If code throws ImportError, AttributeError, or TypeError, introspect the installed package and adapt the example to match the actual API rather than retrying.

MSA Parsing and Analysis

Parse multiple sequence alignments to extract information, analyze content, and prepare for downstream analysis.

Required Import

Goal: Load modules for parsing, analyzing, and manipulating multiple sequence alignments.

Approach: Import AlignIO for reading, Counter for column analysis, and alignment classes for constructing modified alignments.

from Bio import AlignIO
from Bio.Align import MultipleSeqAlignment
from Bio.SeqRecord import SeqRecord
from Bio.Seq import Seq
from collections import Counter

Loading Alignments

Goal: Read an MSA file and inspect its dimensions.

Approach: Use

AlignIO.read()

specifying the file and format.

from Bio import AlignIO

alignment = AlignIO.read('alignment.fasta', 'fasta')
print(f'{len(alignment)} sequences, {alignment.get_alignment_length()} columns')

Extracting Sequence Information

Get All Sequence IDs

seq_ids = [record.id for record in alignment]

Get Sequences as Strings

sequences = [str(record.seq) for record in alignment]

Get Sequence by ID

def get_sequence_by_id(alignment, seq_id):
    for record in alignment:
        if record.id == seq_id:
            return record
    return None

target = get_sequence_by_id(alignment, 'species_A')

Access Descriptions and Annotations

for record in alignment:
    print(f'ID: {record.id}')
    print(f'Description: {record.description}')
    print(f'Annotations: {record.annotations}')

Column-wise Analysis

Goal: Analyze alignment content column by column to assess composition, conservation, and variability.

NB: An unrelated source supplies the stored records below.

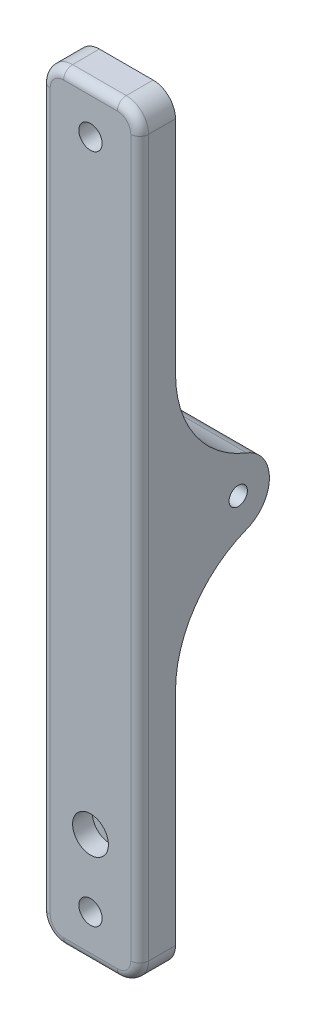
ISO-10303-21;
HEADER;
FILE_DESCRIPTION(('STEP AP214'),'2;1');
FILE_NAME('part.step','',(''),(''),'','','');
FILE_SCHEMA(('AUTOMOTIVE_DESIGN { 1 0 10303 214 1 1 1 1 }'));
ENDSEC;
DATA;
#1=APPLICATION_CONTEXT('core data for automotive mechanical design processes');
#2=APPLICATION_PROTOCOL_DEFINITION('international standard','automotive_design',2000,#1);
#3=PRODUCT_CONTEXT('',#1,'mechanical');
#4=PRODUCT('Part','Part','',(#3));
#5=PRODUCT_RELATED_PRODUCT_CATEGORY('part','',(#4));
#6=PRODUCT_DEFINITION_FORMATION('','',#4);
#7=PRODUCT_DEFINITION_CONTEXT('part definition',#1,'design');
#8=PRODUCT_DEFINITION('design','',#6,#7);
#9=PRODUCT_DEFINITION_SHAPE('','',#8);
#10=(LENGTH_UNIT() NAMED_UNIT(*) SI_UNIT(.MILLI.,.METRE.));
#11=(NAMED_UNIT(*) PLANE_ANGLE_UNIT() SI_UNIT($,.RADIAN.));
#12=(NAMED_UNIT(*) SI_UNIT($,.STERADIAN.) SOLID_ANGLE_UNIT());
#13=UNCERTAINTY_MEASURE_WITH_UNIT(LENGTH_MEASURE(1.E-05),#10,'distance_accuracy_value','');
#14=(GEOMETRIC_REPRESENTATION_CONTEXT(3) GLOBAL_UNCERTAINTY_ASSIGNED_CONTEXT((#13)) GLOBAL_UNIT_ASSIGNED_CONTEXT((#10,
#11,#12)) REPRESENTATION_CONTEXT('',''));
#15=CARTESIAN_POINT('',(0.,0.,0.));
#16=DIRECTION('',(0.,0.,1.));
#17=DIRECTION('',(1.,0.,0.));
#18=AXIS2_PLACEMENT_3D('',#15,#16,#17);
#19=CARTESIAN_POINT('',(11.,-85.,14.5));
#20=DIRECTION('',(-1.,0.,0.));
#21=DIRECTION('',(0.,0.,1.));
#22=AXIS2_PLACEMENT_3D('',#19,#20,#21);
#23=PLANE('',#22);
#24=CARTESIAN_POINT('',(11.,0.,-7.51700000000001));
#25=DIRECTION('',(1.,0.,0.));
#26=DIRECTION('',(0.,0.,-1.));
#27=AXIS2_PLACEMENT_3D('',#24,#25,#26);
#28=CIRCLE('',#27,2.05);
#29=CARTESIAN_POINT('',(11.,0.,-9.56700000000001));
#30=VERTEX_POINT('',#29);
#31=EDGE_CURVE('E665',#30,#30,#28,.T.);
#32=ORIENTED_EDGE('',*,*,#31,.F.);
#33=EDGE_LOOP('',(#32));
#34=FACE_BOUND('',#33,.T.);
#35=CARTESIAN_POINT('',(11.,-30.6779253585061,-18.5));
#36=DIRECTION('',(-1.,0.,0.));
#37=DIRECTION('',(0.,0.,1.));
#38=AXIS2_PLACEMENT_3D('',#35,#36,#37);
#39=CIRCLE('',#38,25.);
#40=CARTESIAN_POINT('',(11.,-30.6779253585062,6.49999999999999));
#41=VERTEX_POINT('',#40);
#42=CARTESIAN_POINT('',(11.,-7.38940089041614,-9.40909090909091));
#43=VERTEX_POINT('',#42);
#44=EDGE_CURVE('E160',#41,#43,#39,.T.);
#45=ORIENTED_EDGE('',*,*,#44,.T.);
#46=CARTESIAN_POINT('',(11.,0.0629269393726574,-6.5));
#47=DIRECTION('',(-1.,0.,0.));
#48=DIRECTION('',(0.,0.,1.));
#49=AXIS2_PLACEMENT_3D('',#46,#47,#48);
#50=CIRCLE('',#49,8.);
#51=CARTESIAN_POINT('',(11.,0.,-14.4997525086906));
#52=VERTEX_POINT('',#51);
#53=EDGE_CURVE('E283',#43,#52,#50,.F.);
#54=ORIENTED_EDGE('',*,*,#53,.T.);
#55=CARTESIAN_POINT('',(11.,-0.0629269393726574,-6.5));
#56=DIRECTION('',(-1.,0.,0.));
#57=DIRECTION('',(0.,0.,1.));
#58=AXIS2_PLACEMENT_3D('',#55,#56,#57);
#59=CIRCLE('',#58,8.);
#60=CARTESIAN_POINT('',(11.,7.38940089041614,-9.40909090909091));
#61=VERTEX_POINT('',#60);
#62=EDGE_CURVE('E281',#52,#61,#59,.F.);
#63=ORIENTED_EDGE('',*,*,#62,.T.);
#64=CARTESIAN_POINT('',(11.,30.6779253585061,-18.5));
#65=DIRECTION('',(-1.,0.,0.));
#66=DIRECTION('',(0.,0.,1.));
#67=AXIS2_PLACEMENT_3D('',#64,#65,#66);
#68=CIRCLE('',#67,25.);
#69=CARTESIAN_POINT('',(11.,30.6779253585062,6.49999999999999));
#70=VERTEX_POINT('',#69);
#71=EDGE_CURVE('E193',#61,#70,#68,.T.);
#72=ORIENTED_EDGE('',*,*,#71,.T.);
#73=DIRECTION('',(0.,-1.,0.));
#74=VECTOR('',#73,1.);
#75=CARTESIAN_POINT('',(11.,85.,6.5));
#76=LINE('',#75,#74);
#77=CARTESIAN_POINT('',(11.,80.,6.5));
#78=VERTEX_POINT('',#77);
#79=EDGE_CURVE('E304',#78,#70,#76,.T.);
#80=ORIENTED_EDGE('',*,*,#79,.F.);
#81=DIRECTION('',(0.,0.,-1.));
#82=VECTOR('',#81,1.);
#83=CARTESIAN_POINT('',(11.,80.,14.5));
#84=LINE('',#83,#82);
#85=CARTESIAN_POINT('',(11.,80.,12.5));
#86=VERTEX_POINT('',#85);
#87=EDGE_CURVE('E197',#78,#86,#84,.F.);
#88=ORIENTED_EDGE('',*,*,#87,.T.);
#89=DIRECTION('',(0.,1.,0.));
#90=VECTOR('',#89,1.);
#91=CARTESIAN_POINT('',(11.,-85.,12.5));
#92=LINE('',#91,#90);
#93=CARTESIAN_POINT('',(11.,-80.,12.5));
#94=VERTEX_POINT('',#93);
#95=EDGE_CURVE('E252',#86,#94,#92,.F.);
#96=ORIENTED_EDGE('',*,*,#95,.T.);
#97=DIRECTION('',(0.,0.,-1.));
#98=VECTOR('',#97,1.);
#99=CARTESIAN_POINT('',(11.,-80.,14.5));
#100=LINE('',#99,#98);
#101=CARTESIAN_POINT('',(11.,-80.,6.5));
#102=VERTEX_POINT('',#101);
#103=EDGE_CURVE('E162',#94,#102,#100,.T.);
#104=ORIENTED_EDGE('',*,*,#103,.T.);
#105=DIRECTION('',(0.,1.,0.));
#106=VECTOR('',#105,1.);
#107=CARTESIAN_POINT('',(11.,-85.,6.5));
#108=LINE('',#107,#106);
#109=EDGE_CURVE('E158',#102,#41,#108,.T.);
#110=ORIENTED_EDGE('',*,*,#109,.T.);
#111=EDGE_LOOP('',(#45,#54,#63,#72,#80,#88,#96,#104,#110));
#112=FACE_BOUND('',#111,.T.);
#113=ADVANCED_FACE('F37',(#34,#112),#23,.F.);
#114=CARTESIAN_POINT('',(-11.,-85.,14.5));
#115=DIRECTION('',(1.,0.,0.));
#116=DIRECTION('',(0.,0.,-1.));
#117=AXIS2_PLACEMENT_3D('',#114,#115,#116);
#118=PLANE('',#117);
#119=CARTESIAN_POINT('',(-11.,0.,-7.51700000000001));
#120=DIRECTION('',(1.,0.,0.));
#121=DIRECTION('',(0.,0.,-1.));
#122=AXIS2_PLACEMENT_3D('',#119,#120,#121);
#123=CIRCLE('',#122,2.05);
#124=CARTESIAN_POINT('',(-11.,0.,-9.56700000000001));
#125=VERTEX_POINT('',#124);
#126=EDGE_CURVE('E664',#125,#125,#123,.T.);
#127=ORIENTED_EDGE('',*,*,#126,.T.);
#128=EDGE_LOOP('',(#127));
#129=FACE_BOUND('',#128,.T.);
#130=CARTESIAN_POINT('',(-11.,-0.0629269393726574,-6.5));
#131=DIRECTION('',(1.,0.,0.));
#132=DIRECTION('',(0.,0.,-1.));
#133=AXIS2_PLACEMENT_3D('',#130,#131,#132);
#134=CIRCLE('',#133,8.);
#135=CARTESIAN_POINT('',(-11.,7.38940089041614,-9.40909090909091));
#136=VERTEX_POINT('',#135);
#137=CARTESIAN_POINT('',(-11.,0.,-14.4997525086906));
#138=VERTEX_POINT('',#137);
#139=EDGE_CURVE('E54',#136,#138,#134,.F.);
#140=ORIENTED_EDGE('',*,*,#139,.T.);
#141=CARTESIAN_POINT('',(-11.,0.0629269393726574,-6.5));
#142=DIRECTION('',(1.,0.,0.));
#143=DIRECTION('',(0.,0.,-1.));
#144=AXIS2_PLACEMENT_3D('',#141,#142,#143);
#145=CIRCLE('',#144,8.);
#146=CARTESIAN_POINT('',(-11.,-7.38940089041614,-9.40909090909091));
#147=VERTEX_POINT('',#146);
#148=EDGE_CURVE('E46',#138,#147,#145,.F.);
#149=ORIENTED_EDGE('',*,*,#148,.T.);
#150=CARTESIAN_POINT('',(-11.,-30.6779253585061,-18.5));
#151=DIRECTION('',(1.,0.,0.));
#152=DIRECTION('',(0.,0.,-1.));
#153=AXIS2_PLACEMENT_3D('',#150,#151,#152);
#154=CIRCLE('',#153,25.);
#155=CARTESIAN_POINT('',(-11.,-30.6779253585062,6.49999999999999));
#156=VERTEX_POINT('',#155);
#157=EDGE_CURVE('E177',#147,#156,#154,.T.);
#158=ORIENTED_EDGE('',*,*,#157,.T.);
#159=DIRECTION('',(0.,1.,0.));
#160=VECTOR('',#159,1.);
#161=CARTESIAN_POINT('',(-11.,-85.,6.5));
#162=LINE('',#161,#160);
#163=CARTESIAN_POINT('',(-11.,-80.,6.5));
#164=VERTEX_POINT('',#163);
#165=EDGE_CURVE('E166',#164,#156,#162,.T.);
#166=ORIENTED_EDGE('',*,*,#165,.F.);
#167=DIRECTION('',(0.,0.,-1.));
#168=VECTOR('',#167,1.);
#169=CARTESIAN_POINT('',(-11.,-80.,14.5));
#170=LINE('',#169,#168);
#171=CARTESIAN_POINT('',(-11.,-80.,12.5));
#172=VERTEX_POINT('',#171);
#173=EDGE_CURVE('E212',#164,#172,#170,.F.);
#174=ORIENTED_EDGE('',*,*,#173,.T.);
#175=DIRECTION('',(0.,-1.,0.));
#176=VECTOR('',#175,1.);
#177=CARTESIAN_POINT('',(-11.,-85.,12.5));
#178=LINE('',#177,#176);
#179=CARTESIAN_POINT('',(-11.,79.9999999999999,12.5));
#180=VERTEX_POINT('',#179);
#181=EDGE_CURVE('E244',#172,#180,#178,.F.);
#182=ORIENTED_EDGE('',*,*,#181,.T.);
#183=DIRECTION('',(0.,0.,-1.));
#184=VECTOR('',#183,1.);
#185=CARTESIAN_POINT('',(-11.,79.9999999999999,14.5));
#186=LINE('',#185,#184);
#187=CARTESIAN_POINT('',(-11.,79.9999999999999,6.5));
#188=VERTEX_POINT('',#187);
#189=EDGE_CURVE('E210',#180,#188,#186,.T.);
#190=ORIENTED_EDGE('',*,*,#189,.T.);
#191=DIRECTION('',(0.,-1.,0.));
#192=VECTOR('',#191,1.);
#193=CARTESIAN_POINT('',(-11.,85.,6.5));
#194=LINE('',#193,#192);
#195=CARTESIAN_POINT('',(-11.,30.6779253585062,6.49999999999999));
#196=VERTEX_POINT('',#195);
#197=EDGE_CURVE('E188',#188,#196,#194,.T.);
#198=ORIENTED_EDGE('',*,*,#197,.T.);
#199=CARTESIAN_POINT('',(-11.,30.6779253585061,-18.5));
#200=DIRECTION('',(1.,0.,0.));
#201=DIRECTION('',(0.,0.,-1.));
#202=AXIS2_PLACEMENT_3D('',#199,#200,#201);
#203=CIRCLE('',#202,25.);
#204=EDGE_CURVE('E195',#196,#136,#203,.T.);
#205=ORIENTED_EDGE('',*,*,#204,.T.);
#206=EDGE_LOOP('',(#140,#149,#158,#166,#174,#182,#190,#198,#205));
#207=FACE_BOUND('',#206,.T.);
#208=ADVANCED_FACE('F314',(#129,#207),#118,.F.);
#209=CARTESIAN_POINT('',(-11.,-85.,14.5));
#210=DIRECTION('',(0.,1.,0.));
#211=DIRECTION('',(0.,0.,1.));
#212=AXIS2_PLACEMENT_3D('',#209,#210,#211);
#213=PLANE('',#212);
#214=DIRECTION('',(0.,0.,-1.));
#215=VECTOR('',#214,1.);
#216=CARTESIAN_POINT('',(6.,-85.,14.5));
#217=LINE('',#216,#215);
#218=CARTESIAN_POINT('',(6.,-85.,6.5));
#219=VERTEX_POINT('',#218);
#220=CARTESIAN_POINT('',(6.,-85.,12.5));
#221=VERTEX_POINT('',#220);
#222=EDGE_CURVE('E207',#219,#221,#217,.F.);
#223=ORIENTED_EDGE('',*,*,#222,.T.);
#224=DIRECTION('',(1.,0.,0.));
#225=VECTOR('',#224,1.);
#226=CARTESIAN_POINT('',(-11.,-85.,12.5));
#227=LINE('',#226,#225);
#228=CARTESIAN_POINT('',(-6.,-85.,12.5));
#229=VERTEX_POINT('',#228);
#230=EDGE_CURVE('E256',#221,#229,#227,.F.);
#231=ORIENTED_EDGE('',*,*,#230,.T.);
#232=DIRECTION('',(0.,0.,-1.));
#233=VECTOR('',#232,1.);
#234=CARTESIAN_POINT('',(-6.,-85.,14.5));
#235=LINE('',#234,#233);
#236=CARTESIAN_POINT('',(-6.,-85.,6.5));
#237=VERTEX_POINT('',#236);
#238=EDGE_CURVE('E205',#229,#237,#235,.T.);
#239=ORIENTED_EDGE('',*,*,#238,.T.);
#240=DIRECTION('',(1.,0.,0.));
#241=VECTOR('',#240,1.);
#242=CARTESIAN_POINT('',(-11.,-85.,6.5));
#243=LINE('',#242,#241);
#244=EDGE_CURVE('E300',#237,#219,#243,.T.);
#245=ORIENTED_EDGE('',*,*,#244,.T.);
#246=EDGE_LOOP('',(#223,#231,#239,#245));
#247=FACE_BOUND('',#246,.T.);
#248=ADVANCED_FACE('F379',(#247),#213,.F.);
#249=CARTESIAN_POINT('',(-11.,85.,14.5));
#250=DIRECTION('',(0.,-1.,0.));
#251=DIRECTION('',(0.,0.,-1.));
#252=AXIS2_PLACEMENT_3D('',#249,#250,#251);
#253=PLANE('',#252);
#254=DIRECTION('',(0.,0.,-1.));
#255=VECTOR('',#254,1.);
#256=CARTESIAN_POINT('',(-6.,85.,14.5));
#257=LINE('',#256,#255);
#258=CARTESIAN_POINT('',(-6.,85.,6.5));
#259=VERTEX_POINT('',#258);
#260=CARTESIAN_POINT('',(-6.,85.,12.5));
#261=VERTEX_POINT('',#260);
#262=EDGE_CURVE('E221',#259,#261,#257,.F.);
#263=ORIENTED_EDGE('',*,*,#262,.T.);
#264=DIRECTION('',(-1.,0.,0.));
#265=VECTOR('',#264,1.);
#266=CARTESIAN_POINT('',(-11.,85.,12.5));
#267=LINE('',#266,#265);
#268=CARTESIAN_POINT('',(5.99999999999999,85.,12.5));
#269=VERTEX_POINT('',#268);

Approach: Use column indexing (

alignment[:, idx]

) and Counter to examine character frequencies at each position.

Get Single Column

column_5 = alignment[:, 5]  # Returns string of characters at position 5
print(column_5)  # e.g., 'AAAGA'

Iterate Over Columns

for col_idx in range(alignment.get_alignment_length()):
    column = alignment[:, col_idx]
    print(f'Column {col_idx}: {column}')

Count Characters in Column

from collections import Counter

def column_composition(alignment, col_idx):
    column = alignment[:, col_idx]
    return Counter(column)

counts = column_composition(alignment, 0)
print(counts)  # Counter({'A': 3, 'G': 1, '-': 1})

Find Conserved Positions

def find_conserved_positions(alignment, threshold=1.0):
    conserved = []
    for col_idx in range(alignment.get_alignment_length()):
        column = alignment[:, col_idx]
        counts = Counter(column)
        most_common_char, most_common_count = counts.most_common(1)[0]
        if most_common_char != '-':
            conservation = most_common_count / len(alignment)
            if conservation >= threshold:
                conserved.append((col_idx, most_common_char))
    return conserved

fully_conserved = find_conserved_positions(alignment, threshold=1.0)
mostly_conserved = find_conserved_positions(alignment, threshold=0.8)

Gap Analysis

Goal: Quantify gap distribution across sequences and columns to identify problematic regions or sequences.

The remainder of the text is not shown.